The path preview mode of the speed controller sets the maximum target speed given speed and acceleration limit over the path. Click for more detail.

Built-In Controllers

CarSim, TruckSim, and BikeSim are self-contained simulation tools that do not require any other software to run. In addition to the 3D vehicle models based on fundamental multibody physics and vehicle component equations (tires, suspensions, powertrain, aerodynamics), they include both open-loop and closed-loop control options.

The open-loop options support driver/rider controls from external software that may be used for model extension and co-simulation, including hardware-in-the loop setups that have physical controllers and/or humans working in driving simulators. However, in many scenarios, the intent of the simulation is to predict feasible behavior of both the vehicle and the human driver or motorcycle rider. In support of these objectives, the VS Math Models in CarSim, TruckSim, and BikeSim have built-in closed-loop controllers for steering (and rider lean in BikeSim) and speed.

Built-In Driver and Rider Controls

The VS Math Model controllers cause the vehicle to follow a target path at an appropriate speed. They support up to 500 target VS Paths and can switch between them as needed. They can also switch from open-loop to closed-loop control in order to simulate a wide range of scenarios that involve driver control.

Path Following (CarSim and TruckSim)

The closed-loop steering controllers in CarSim and TruckSim steer the vehicle to follow a prescribed path. Several modes of operation are available: steer by angle, steer by torque, steer with a single preview point, or steer with an optimal control method. The controller works while driving forward or in reverse. In addition, a Trailer Backing Controller is included for following a target point while backing up with a single trailer.

Path Following (BikeSim)

The BikeSim path follower uses a preview point and determines a target lean angle needed to have the point follow the designated path. A closed-lop steer controller is used to obtain the target lean.

Speed Control

The VS Math Models include a speed controller that can use the powertrain and brakes to match specified requirements. The basic modes are:

• Open-loop throttle, braking, and gear selection. The open-loop throttle and braking may be added to close-loop commands from the speed controller, to simulate interventions for a driver/rider (human controls are mimicked by the closed-loop controller).
• Closed-loop control with multiple modes for following a target speed or target acceleration. Target speed/acceleration may be constant or a Configurable Function that changes the target as a function of time and/or station along a designated path.
• Closed-loop control using path preview, described below.
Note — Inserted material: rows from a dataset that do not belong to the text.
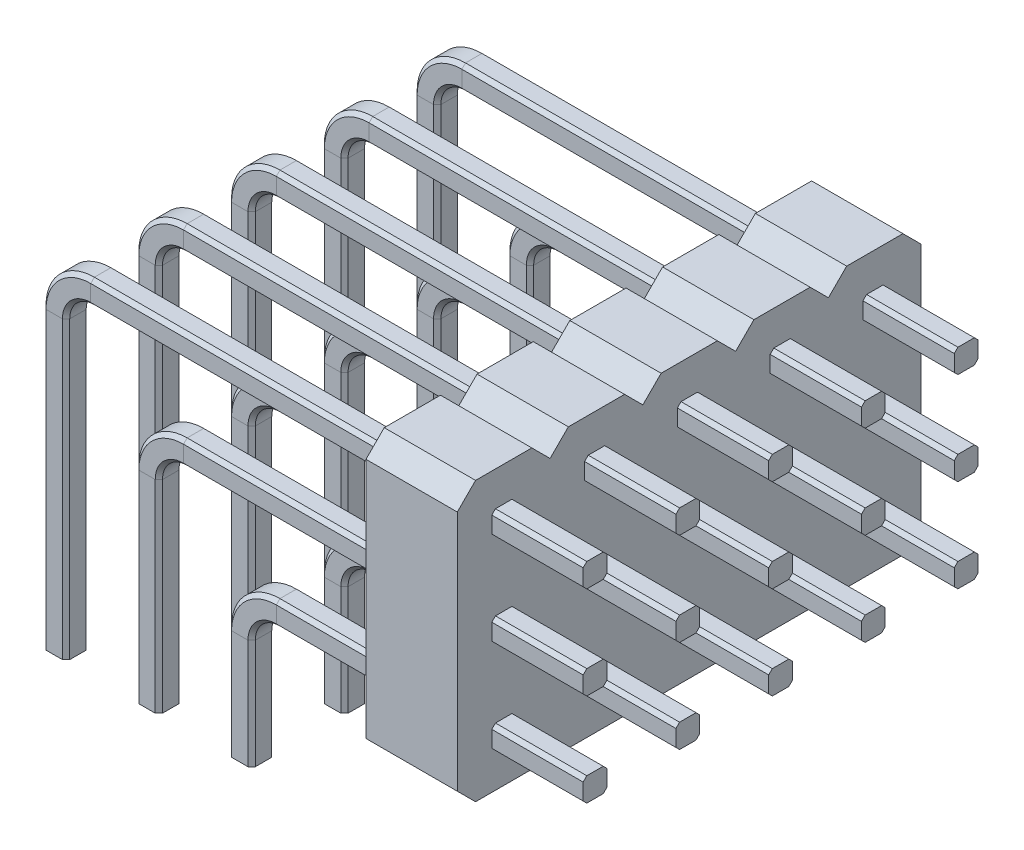
from build123d import *

# Parameters (mm, degrees)
BOSS_EXTRUDE1_DEPTH = 2.5
LPATTERN1_COUNT     = 5
LPATTERN1_PITCH     = 2.54


with BuildPart() as part:
    # Sweep2: sweep along a path in Sketch2
    with BuildLine(Plane.XY) as sweep2_path:
        Line((5.08, 0), (5.08, 3))
        ThreePointArc((5.08, 3), (5.372893219, 3.707106781), (6.08, 4))
        Line((6.08, 4), (14.48, 4))
    # Sketch1 → Sweep2 (sweep)
    with BuildSketch(Plane(origin=(0, 0, 0), x_dir=(1, 0, 0), z_dir=(0, 1, 0))):
        Polygon((4.755, -0.225), (4.755, 0.225), (4.855, 0.325), (5.305, 0.325), (5.405, 0.225), (5.405, -0.225), (5.305, -0.325), (4.855, -0.325), align=None)
    sweep(path=sweep2_path.line)



with BuildPart() as body_2:
    # Sweep3: sweep along a path in Sketch2_7
    with BuildLine(Plane.XY) as sweep3_path:
        Line((2.54, 0), (2.54, 5.54))
        ThreePointArc((2.54, 5.54), (2.832893219, 6.247106781), (3.54, 6.54))
        Line((3.54, 6.54), (14.48, 6.54))
    # Sketch1_3 → Sweep3 (sweep)
    with BuildSketch(Plane(origin=(0, 0, 0), x_dir=(1, 0, 0), z_dir=(0, 1, 0))):
        Polygon((2.215, -0.225), (2.215, 0.225), (2.315, 0.325), (2.765, 0.325), (2.865, 0.225), (2.865, -0.225), (2.765, -0.325), (2.315, -0.325), align=None)
    sweep(path=sweep3_path.line)


with BuildPart() as body_3:
    # Sweep4: sweep along a path in Sketch2_8
    with BuildLine(Plane.XY) as sweep4_path:
        Line((0, 0), (0, 8.08))
        ThreePointArc((0, 8.08), (0.292893219, 8.787106781), (1, 9.08))
        Line((1, 9.08), (14.48, 9.08))
    # Sketch1_4 → Sweep4 (sweep)
    with BuildSketch(Plane(origin=(0, 0, 0), x_dir=(1, 0, 0), z_dir=(0, 1, 0))):
        Polygon((-0.325, 0.225), (-0.225, 0.325), (0.225, 0.325), (0.325, 0.225), (0.325, -0.225), (0.225, -0.325), (-0.225, -0.325), (-0.325, -0.225), align=None)
    sweep(path=sweep4_path.line)


with BuildPart() as part_1:
    add(part.part)

    add(body_2.part)  # Boss-Extrude1 merges body 2

    add(body_3.part)  # Boss-Extrude1 merges body 3
    # Sketch3 → Boss-Extrude1 (add)
    with BuildSketch(Plane(origin=(11.98, 0, 0), x_dir=(0, 0, -1), z_dir=(1, 0, 0))):
        Polygon((0.77, 2.73), (1.27, 3.23), (1.27, 9.85), (0.77, 10.35), (-0.77, 10.35), (-1.27, 9.85), (-1.27, 3.23), (-0.77, 2.73), align=None)
    extrude(amount=-BOSS_EXTRUDE1_DEPTH)


with BuildPart() as lpattern1_1:
    # LPattern1: pattern copy
    add(part_1.part.moved(Location(Vector(0, 0, -1) * (1 * LPATTERN1_PITCH))))


with BuildPart() as lpattern1_2:
    # LPattern1: pattern copy
    add(part_1.part.moved(Location(Vector(0, 0, -1) * (2 * LPATTERN1_PITCH))))


with BuildPart() as lpattern1_3:
    # LPattern1: pattern copy
    add(part_1.part.moved(Location(Vector(0, 0, -1) * (3 * LPATTERN1_PITCH))))


with BuildPart() as lpattern1_4:
    # LPattern1: pattern copy
    add(part_1.part.moved(Location(Vector(0, 0, -1) * (4 * LPATTERN1_PITCH))))


with BuildPart() as part_2:
    add(part_1.part)

    # Combine1: union LPattern1_1, LPattern1_2, LPattern1_3, LPattern1_4
    add(lpattern1_1.part)
    add(lpattern1_2.part)
    add(lpattern1_3.part)
    add(lpattern1_4.part)


solid = part_2.part

With the path preview mode, the controller determines a target speed based on several settings combined with the environment:

• Preview time
• Aggression and skill levels
• Speed limit specified as constant or functions of station along a path
• Acceleration limits for left, right, forward, backward, specified as constants or functions of station along a path
• Horizontal curvature of the target path (converted to lateral acceleration using target speed)
• Lateral slope (banking) of the path, used to adjust the acceptable lateral acceleration
• Vertical curvature, used to adjust the acceptable longitudinal acceleration

The path preview mode was originally introduced to easily produce target speeds and accelerations for race tracks or winding roads where the simulations could limit lateral acceleration. It is also used for many ADAS scenarios where the vehicle must prepare to stop at a specific point (stop sign or light). This is set up fairly simply be specifying a target speed that is constant until the stopping point, when it steps down to zero. The controller uses the stop requirement to automatically derive a target speed subject to the limits in acceleration.

Built-In Vehicle Controllers

Detailed models of hardware controllers are handled by linking the VS Math Model to external software with model extension or hardware. In cases where only a basic behavior is needed, controllers built into the VS Math Models may be activated.

Anti-lock Brake System (ABS)

CarSim and TruckSim support a VS Command INSTALL_ABS_CONTROLLER that installs some parameters that activate and specify the performance of a built-in ABS controller that releases brake pressure to avoid lockup. The parameter values can be set from the Brake system GUI screens.

Electronic Stability Control (ESC)

CarSim and TruckSim support a VS Command INSTALL_ESC that installs some parameters that activate and specify the performance of a built-in ESC that modulates the brakes of individual wheels to maintain stability and mitigate the threat of rollover. The parameter values can be set in the GUI with a dedicated library Control: Electronic Stability.

Shifting

Shifting for vehicles with transmissions is normally triggered by upshift and downshift shift schedules. These are always used for automatic transmissions with discrete gears that transfer torque through hydraulic torque converters. They are also used to mimic shifting by a driver in vehicles with manual transmissions.

Clutch Control

Vehicles with mechanical clutches synchronize three controls to shift gears:

1. The shift is triggered by a new gear request.
2. The clutch is disengaged to separate the input/output shafts when the shift occurs, and then re-engaged when the shift is complete.
3. The throttle is dropped to avoid accelerating when the shift occurs, and then restored to the value requested without the effect of the shift.

The shift controller can simulate advanced built-in vehicle controllers or mimic a human driver. The shifting options are supported by a dedicated library Control: Clutch Shifting Timelines.